Have any of you tried this?


----------



## TNJAKE (Feb 18, 2022)

Sounds reasonable to me. Post up pics of you decide to try it. Also stop by the new member section and introduce yourself!


----------



## DougE (Feb 18, 2022)

If it was just going to get ground up anyhow, what the heck. Do post up the results if you end up trying it. I guess if I were to do it, I'd debone and do what would be a beef version of Canadian bacon.


----------



## TNJAKE (Feb 18, 2022)

DougE said:


> If it was just going to get ground up anyhow, what the heck. Do post up the results if you end up trying it. I guess if I were to do it, I'd debone and do what would be a beef version of Canadian bacon.


Or buckboard even


----------



## SmokinEdge (Feb 18, 2022)

pbower089 said:


> I'm sure your first thought is 'Why.' I agree that normally there is no reason to mess up a perfectly good cut of meat. But I deal with quite a few burger cows and their loins usually get ground up too. I thought it might be a neat experiment to cure, smoke, thinly slice, then fry a prime rib.
> 
> What are your thoughts?
> Have any of you tried this?


As a pastrami it is fantastic. Out of the park good. Just need to cut it in half lengthwise in the curing phase. Good luck, whatever direction you go it will be delicious.


----------



## TNJAKE (Feb 18, 2022)

SmokinEdge said:


> As a pastrami it is fantastic. Out of the park good. Just need to cut it in half lengthwise in the curing phase. Good luck, whatever direction you go it will be delicious.
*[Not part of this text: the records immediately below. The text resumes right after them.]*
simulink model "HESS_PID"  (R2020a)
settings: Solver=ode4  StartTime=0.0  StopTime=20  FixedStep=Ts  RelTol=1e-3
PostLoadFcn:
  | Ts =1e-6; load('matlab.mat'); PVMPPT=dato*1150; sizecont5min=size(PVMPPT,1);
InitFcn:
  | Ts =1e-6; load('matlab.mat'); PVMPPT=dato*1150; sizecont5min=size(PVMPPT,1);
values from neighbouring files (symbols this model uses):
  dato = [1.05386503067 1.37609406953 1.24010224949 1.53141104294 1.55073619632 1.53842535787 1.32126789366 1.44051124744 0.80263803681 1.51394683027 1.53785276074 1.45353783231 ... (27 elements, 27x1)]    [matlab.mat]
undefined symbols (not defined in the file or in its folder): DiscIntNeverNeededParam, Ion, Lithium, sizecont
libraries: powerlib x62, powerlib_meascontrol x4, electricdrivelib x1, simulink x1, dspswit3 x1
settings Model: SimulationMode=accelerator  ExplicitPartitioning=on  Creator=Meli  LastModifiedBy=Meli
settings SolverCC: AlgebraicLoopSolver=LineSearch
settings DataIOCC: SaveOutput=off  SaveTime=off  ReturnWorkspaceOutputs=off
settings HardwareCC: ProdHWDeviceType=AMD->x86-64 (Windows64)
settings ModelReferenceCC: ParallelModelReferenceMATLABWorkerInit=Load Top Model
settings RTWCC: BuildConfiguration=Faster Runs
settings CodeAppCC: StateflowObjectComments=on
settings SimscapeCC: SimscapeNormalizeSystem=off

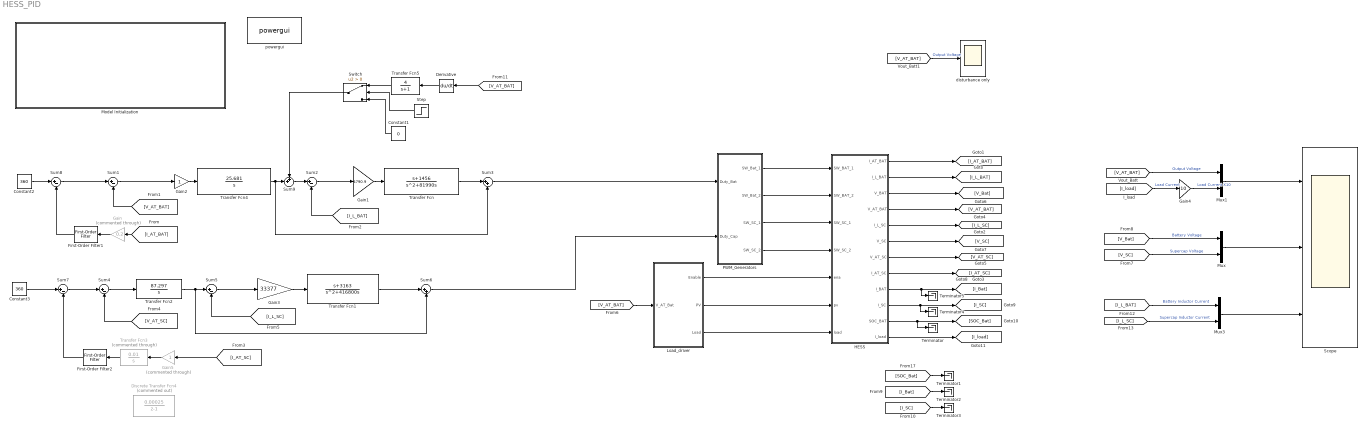
== system HESS_PID ==
  Constant1 : Constant  Value=0
  Constant2 : Constant  Value=360
  Constant3 : Constant  Value=360
  Derivative : Derivative
  Discrete Transfer Fcn4 : DiscreteTransferFcn  Commented=on  Numerator=[0.00025]  Denominator=[1 -1]
  First-Order Filter1 : powerlib_meascontrol/Filters/First-Order Filter  FilterType=Highpass  Tc=1/(2*pi*1)  Ts=0  Initialize=off  Vac_Init=[0, 0, 60]  Vdc_Init=0  PlotResponse=off  FreqRange="[0,  200,  1]"
  First-Order Filter2 : powerlib_meascontrol/Filters/First-Order Filter  FilterType=Lowpass  Tc=1/(2*pi*1)  Ts=0  Initialize=off  Vac_Init=[0, 0, 60]  Vdc_Init=0  PlotResponse=off  FreqRange="[0,  200,  1]"
  Gain : Gain  Commented=through  Gain=0.2
  Gain1 : Gain  Gain=4790.9
  Gain2 : Gain
  Gain3 : Gain  Gain=33377
  Gain4 : Gain  Gain=10
  Gain5 : Gain  Commented=through
  HESS : Subsystem
  Load_driver : Subsystem
  Model Initialization : Subsystem  mask(Model Functions){InitFcnX=Ts =1e-6; load('matlab.mat'); PVMPPT=dato*1150; sizecont5min=size(PVMPPT,1);, prel=off, posl=on, inif=on, strf=off}
      mask prompts: InitFcnX "Initialisation"; prel "Preload Function"; posl "PostLoad Function"; inif "InitFcn"; strf "StartFcn"
      mask init:
      | currentBlock = gcb;
      | root = bdroot(currentBlock);
      | 
      | if ~strcmp(get_param(root,'BlockDiagramType'),'library')
      |     if prel==1
      |         set_param(root, 'PreLoadFcn', InitFcnX);
      |     else
      |         set_param(root, 'PreLoadFcn', '');
      |     end
      |     if inif==1
      |         set_param(root, 'InitFcn', InitFcnX);
      |     else
      |         set_param(root, 'InitFcn', '');
      |     end
      |     if strf==1
      |         set_param(root, 'StartFcn', InitFcnX);
      |     else
      |         set_param(root, 'StartFcn', '');
      |     end
      |     if posl==1
      |         set_param(root, 'PostLoadFcn', InitFcnX);
      |     else
      |         set_param(root, 'PostLoadFcn', '');
      |     end
      | end
      | 
      | pos = get_param(currentBlock, 'Position');
      | width = pos(3) - pos(1); height = pos(4) - pos(2);
      | txt = [ upper(root) '\n' '- InitFcn. . . . . '  get_param(root, 'InitFcn') ];
      settings: CopyFcn=set_param(gcb,'LinkStatus','none')
      mask Display: text(5, height*0.5, txt, 'horizontalAlignment', 'left', 'verticalAlignment', 'middle') ;
  Mux : Mux  Inputs=2
  Mux1 : Mux  Inputs=2
  Mux3 : Mux  Inputs=2
  PWM_Generators : Subsystem
  Scope : Scope  NumInputPorts=3
  Step : Step  Time=10  SampleTime=0
  Sum{1..2,4..5,7..8} (6 alike) : Sum  Inputs=|+-
  Sum3 : Sum  Inputs=|++
  Sum6 : Sum  Inputs=|++
  Sum9 : Sum  Inputs=++|
  Switch : Switch  Criteria=u2 > Threshold
  Terminator{,1..5} (6 alike) : Terminator
  Transfer Fcn : TransferFcn  Numerator=[1 1456]  Denominator=[1 81990 0]
  Transfer Fcn1 : TransferFcn  Numerator=[1 3163]  Denominator=[1 416800 0]
  Transfer Fcn2 : TransferFcn  Numerator=[87.297]  Denominator=[1 0]
  Transfer Fcn3 : TransferFcn  Commented=through  Numerator=[0.01]  Denominator=[1 0]
  Transfer Fcn4 : TransferFcn  Numerator=[25.681]  Denominator=[1 0]
  Transfer Fcn5 : TransferFcn  Numerator=[4]  Denominator=[1 1]
  disturbance only : Scope
  powergui : powerlib/powergui  Priority=1  SimulationMode=Discrete  SampleTime=Ts  frequency=60  Iterations=50  frequencyindice=0  Pbase=100e6  ErrMax=1e-4  UnitsV=kV  UnitsW=MW  buscounter=0  FunctionMessages=off  echomessages=off  EnableUseOfTLC=off  CurrentSourceSwitches=off  DisableSnubberDevices=off  DisableRonSwitches=off  DisableVfSwitches=off  DisplayEquations=off  AutomaticDiscreteSolvers=off  SolverType=Tustin/Backward Euler (TBE)  Interpol=off  ExternalGateDelay=off  methode=off  Ts=100  x0status=blocks  SPID=on  SwTol=0  HookPort=off  NonlinearTolerance=1e-4  nMaxIteration=100  ContinueOnMaxIteration=off  RestoreLinks=warning  ResistiveCurrentMeasurement=off  Frange=[0:2:500]  Ylog=off  Xlog=on  ShowGrid=off  save=off  variable=ZData  structure=ScopeData  ZoomFFT=off  StartTime=7.29  cycles=3  DisplayStyle=1  fundamental=50  FreqAxis=off  MaxFrequency=1000  frequencyindicesteady=1  RmsSteady=1  display=off
  wires:
  PWM_Generators/1(SW_Bat_1) -> HESS/1(SW_BAT_1)
  PWM_Generators/2(SW_Bat_2) -> HESS/2(SW_BAT_2)
  PWM_Generators/3(SW_SC_1) -> HESS/3(SW_SC_1)
  PWM_Generators/4(SW_SC_2) -> HESS/4(SW_SC_2)
  Sum2/1 -> Gain1/1
  Gain/1 -> First-Order Filter1/1
  Gain2/1 -> Transfer Fcn4/1
  Transfer Fcn/1 -> Sum3/1
  [V_AT_BAT] -> Sum1/2
  Gain1/1 -> Transfer Fcn/1
  Sum3/1 -> PWM_Generators/1(Duty_Bat)
  Sum1/1 -> Gain2/1
  [I_AT_BAT] -> Gain/1
  [I_L_BAT] -> Sum2/2
  Sum8/1 -> Sum1/1
  Constant2/1 -> Sum8/1
  Gain5/1 -> Transfer Fcn3/1
  [I_L_SC] -> Sum5/2
  Sum4/1 -> Transfer Fcn2/1
  [V_AT_SC] -> Sum4/2
  Gain3/1 -> Transfer Fcn1/1
  [I_AT_SC] -> Gain5/1
  Transfer Fcn2/1 -> Sum6/2, Sum5/1
  Sum5/1 -> Gain3/1
  Transfer Fcn3/1 -> First-Order Filter2/1
  Transfer Fcn1/1 -> Sum6/1
  Sum7/1 -> Sum4/1
  Constant3/1 -> Sum7/1
  Sum6/1 -> PWM_Generators/2(Duty_Cap)
  HESS/1(I_AT_BAT) -> [I_AT_BAT]
  HESS/2(I_L_BAT) -> [I_L_BAT]
  HESS/5(I_L_SC) -> [I_L_SC]
  HESS/8(I_AT_SC) -> [I_AT_SC]
  HESS/7(V_AT_SC) -> [V_AT_SC]
  HESS/4(V_AT_BAT) -> [V_AT_BAT]
  Load_driver/1(Enable) -> HESS/5(ena)
  Load_driver/2(PV) -> HESS/6(pv)
  Load_driver/3(Load) -> HESS/7(load)
  [V_AT_BAT] -> Load_driver/1(V_AT_Bat)
  HESS/3(V_BAT) -> [V_Bat]
  HESS/6(V_SC) -> [V_SC]
  HESS/9(I_BAT) -> Terminator5/1, [I_Bat]
  HESS/10(I_SC) -> Terminator4/1, [I_SC]
  HESS/11(SOC_BAT) -> Terminator/1, [SOC_Bat]
  HESS/12(I_load) -> [I_load]
  [V_Bat] -> Mux/1  "Battery Voltage"
  [V_SC] -> Mux/2  "Supercap Voltage"
  [V_AT_BAT] -> Mux1/1  "Output Voltage"
  [SOC_Bat] -> Terminator1/1
  [I_load] -> Gain4/1  "Load Current"
  [I_L_BAT] -> Mux3/1  "Battery Inductor Current"
  [I_L_SC] -> Mux3/2  "Supercap Inductor Current"
  [I_Bat] -> Terminator2/1
  [I_SC] -> Terminator3/1
  Mux1/1 -> Scope/1
  Mux/1 -> Scope/2
  Mux3/1 -> Scope/3
  First-Order Filter1/1 -> Sum8/2
  First-Order Filter2/1 -> Sum7/2
  Gain4/1 -> Mux1/2  "Load Current X10"
  Sum9/1 -> Sum2/1
  Transfer Fcn4/1 -> Sum3/2, Sum9/2
  Derivative/1 -> Transfer Fcn5/1
  [V_AT_BAT] -> Derivative/1
  [V_AT_BAT] -> disturbance only/1  "Output Voltage"
  Transfer Fcn5/1 -> Switch/1
  Switch/1 -> Sum9/1
  Step/1 -> Switch/2
  Constant1/1 -> Switch/3

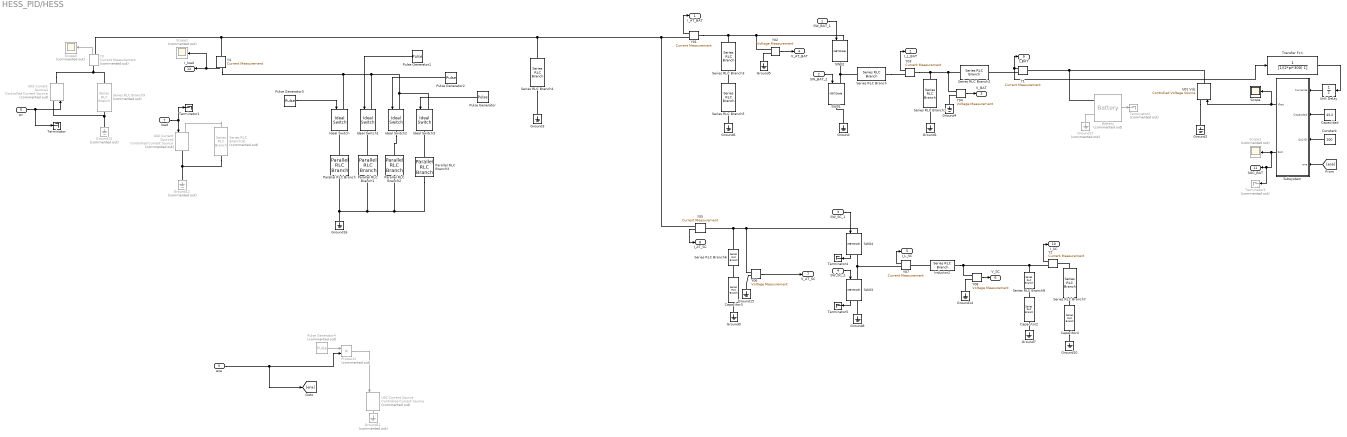
== system HESS_PID/HESS ==
  SW_BAT_1 : Inport
  SW_BAT_2 : Inport  Port=2
  SW_SC_1 : Inport  Port=3
  SW_SC_2 : Inport  Port=4
  ena : Inport  Port=5
  pv : Inport  Port=6
  load : Inport  Port=7
  Battery : electricdrivelib/Extra Sources/Battery  Commented=on  BatType=Lithium-Ion  ShowTempParam=off  ThermalPreset="12.8V  40Ah  (LiFeMgPO4)"  ShowAgeParam=off  NomV=144  NomQ=43.2  SOC=80  Batt_Tr=5  PresetModel=on  MaxQ=43.2  MinV=108  FullV=167.6141  Dis_rate=18.7826  R=0.033333  Normal_OP=39.0678  expZone="[155.5756      2.122435]"  current=[2.3 4.5 6 10]  Units=Time  Tci=20  NomT=20  T2=0  MaxQ2=36  FullV2=13  Normal_OP2=11.7  expZone2="[12.67            4]"  Rca=0.6411  ti=4880  Dp=0  Neq0=0  Tsim=1e6  Ta1=25  Qeol=5.4*0.9  Reol=0.013333*1.2  Char_age=[2.3478, 3]  Dis_age=[2.3478, 10]  N1=1500  N2=10500  N3=1000  N4=1400  Ta2=45  N5=950
  Capacidad : Constant  Value=43.2
  Capacitor2 : powerlib/Elements/Series RLC Branch  LConnTagsString=__new0  RConnTagsString=__new0  BranchType=C  Resistance=1  Inductance=1e-3  SetiL0=off  InitialCurrent=0  Capacitance=390e-6  Setx0=on  InitialVoltage=189  Measurements=None
  Capacitor3 : powerlib/Elements/Series RLC Branch  LConnTagsString=__new0  RConnTagsString=__new0  BranchType=C  Resistance=1  Inductance=1e-3  SetiL0=off  InitialCurrent=0  Capacitance=1.29e-3  Setx0=on  InitialVoltage=360  Measurements=None
  Capacitor4 : powerlib/Elements/Series RLC Branch  LConnTagsString=__new0  RConnTagsString=__new0  BranchType=C  Resistance=1  Inductance=1e-3  SetiL0=off  InitialCurrent=0  Capacitance=20  Setx0=on  InitialVoltage=189.34  Measurements=None
  Constant : Constant  Value=100
  Ground{,1..10,14..16} (14 alike) : powerlib/Elements/Ground  LConnTagsString=a
  Ground{11..13,17} (4 alike) : powerlib/Elements/Ground  Commented=on  LConnTagsString=a
  Ideal Switch{,1..3} (4 alike) : powerlib/Power Electronics/Ideal Switch  Ron=1e-6  Lon=0  IC=0  Rs=inf  Cs=0  Measurements=off
  Inductor2 : powerlib/Elements/Series RLC Branch  LConnTagsString=__new0  RConnTagsString=__new0  BranchType=L  Resistance=1  Inductance=4.6e-3  SetiL0=off  InitialCurrent=0  Capacitance=1e-6  Setx0=off  InitialVoltage=0  Measurements=None
  Parallel RLC Branch : powerlib/Elements/Parallel RLC Branch  LConnTagsString=a  RConnTagsString=__new0  BranchType=R  Resistance=109.14  Inductance=1e-9  SetiL0=off  InitialCurrent=0  Capacitance=1e-6  Setx0=off  InitialVoltage=0  Measurements=None
  Parallel RLC Branch1 : powerlib/Elements/Parallel RLC Branch  LConnTagsString=a  RConnTagsString=__new0  BranchType=R  Resistance=109.14  Inductance=1e-3  SetiL0=off  InitialCurrent=0  Capacitance=1e-6  Setx0=off  InitialVoltage=0  Measurements=None
  Parallel RLC Branch2 : powerlib/Elements/Parallel RLC Branch  LConnTagsString=a  RConnTagsString=__new0  BranchType=R  Resistance=109.14  Inductance=1e-3  SetiL0=off  InitialCurrent=0  Capacitance=1e-6  Setx0=off  InitialVoltage=0  Measurements=None
  Parallel RLC Branch3 : powerlib/Elements/Parallel RLC Branch  LConnTagsString=a  RConnTagsString=__new0  BranchType=R  Resistance=109.14  Inductance=1e-3  SetiL0=off  InitialCurrent=0  Capacitance=1e-6  Setx0=off  InitialVoltage=0  Measurements=None
  Product1 : Product  Commented=on
  Pulse Generator : DiscretePulseGenerator  PulseType=Time based  Amplitude=4  Period=6  PulseWidth=8.335  PhaseDelay=5.5
  Pulse Generator1 : DiscretePulseGenerator  PulseType=Time based  Amplitude=2  PulseWidth=50  PhaseDelay=2
  Pulse Generator2 : DiscretePulseGenerator  PulseType=Time based  Amplitude=3  Period=6  PulseWidth=16.667  PhaseDelay=2.5
  Pulse Generator3 : DiscretePulseGenerator  PulseType=Time based  Amplitude=2  Period=13  PulseWidth=50  PhaseDelay=0.2
  Pulse Generator4 : DiscretePulseGenerator  Commented=on  PulseType=Time based  Amplitude=5.4  Period=0.2  PulseWidth=30  PhaseDelay=0.2
  SW01 : powerlib/Power Electronics/IGBT//Diode  Ron=1e-3  Rs=1e5  Cs=inf  Measurements=off
  SW02 : powerlib/Power Electronics/IGBT//Diode  Ron=1e-3  Rs=Inf  Cs=inf  Measurements=off
  SW03 : powerlib/Power Electronics/IGBT//Diode  Ron=1e-6  Rs=1e8  Cs=inf  Measurements=on
  SW04 : powerlib/Power Electronics/IGBT//Diode  Ron=1e-6  Rs=1e8  Cs=inf  Measurements=on
  Scope : Scope
  Scope1 : Scope  Commented=on
  Scope2 : Scope  Commented=on
  Scope3 : Scope  Commented=on
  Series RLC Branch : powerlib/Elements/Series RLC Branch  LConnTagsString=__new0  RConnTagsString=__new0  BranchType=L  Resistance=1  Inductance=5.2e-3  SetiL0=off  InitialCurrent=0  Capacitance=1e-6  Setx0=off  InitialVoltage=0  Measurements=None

Steak pastrami? Sign me up lol


----------



## Brokenhandle (Feb 18, 2022)

I want some...is it done yet?   

Ryan


----------



## indaswamp (Feb 18, 2022)

I'd do breasola with it....but that's just me....


----------



## Sowsage (Feb 18, 2022)

I say go for it! I like ideas that are outside of the box thinking.


----------



## thirdeye (Feb 18, 2022)

Welcome and




​
I make beef bacon from brisket flat.   HERE is a post all about it. The only thing that would make me shy away from using prime rib is the fact it's leaner than anything lower on the steer.  Now prime rib jerky.....


----------



## bigfurmn (Feb 18, 2022)

Some had to be the first for everything right? Give it a shot and let’s see what happens. I’m in!!!


----------



## Sven Svensson (Feb 18, 2022)

As the kids say, “Sounds great! You go first.” I’m in for the watch on this.


----------



## SmokinAl (Feb 19, 2022)

I’m in!
Al


----------



## Bearcarver (Feb 19, 2022)

This is not much of a test.
Lots of people have done the same thing with Ground Beef.
The fact that it's from Prime Rib isn't going to change it much.
I'd just make some Awesome Burgers with it, if it's already ground, and too late to treat it with respect.

Just my 2 Piasters,
Bear


----------



## pbower089 (Feb 24, 2022)

SmokinEdge said:


> As a pastrami it is fantastic. Out of the park good. Just need to cut it in half lengthwise in the curing phase. Good luck, whatever direction you go it will be delicious.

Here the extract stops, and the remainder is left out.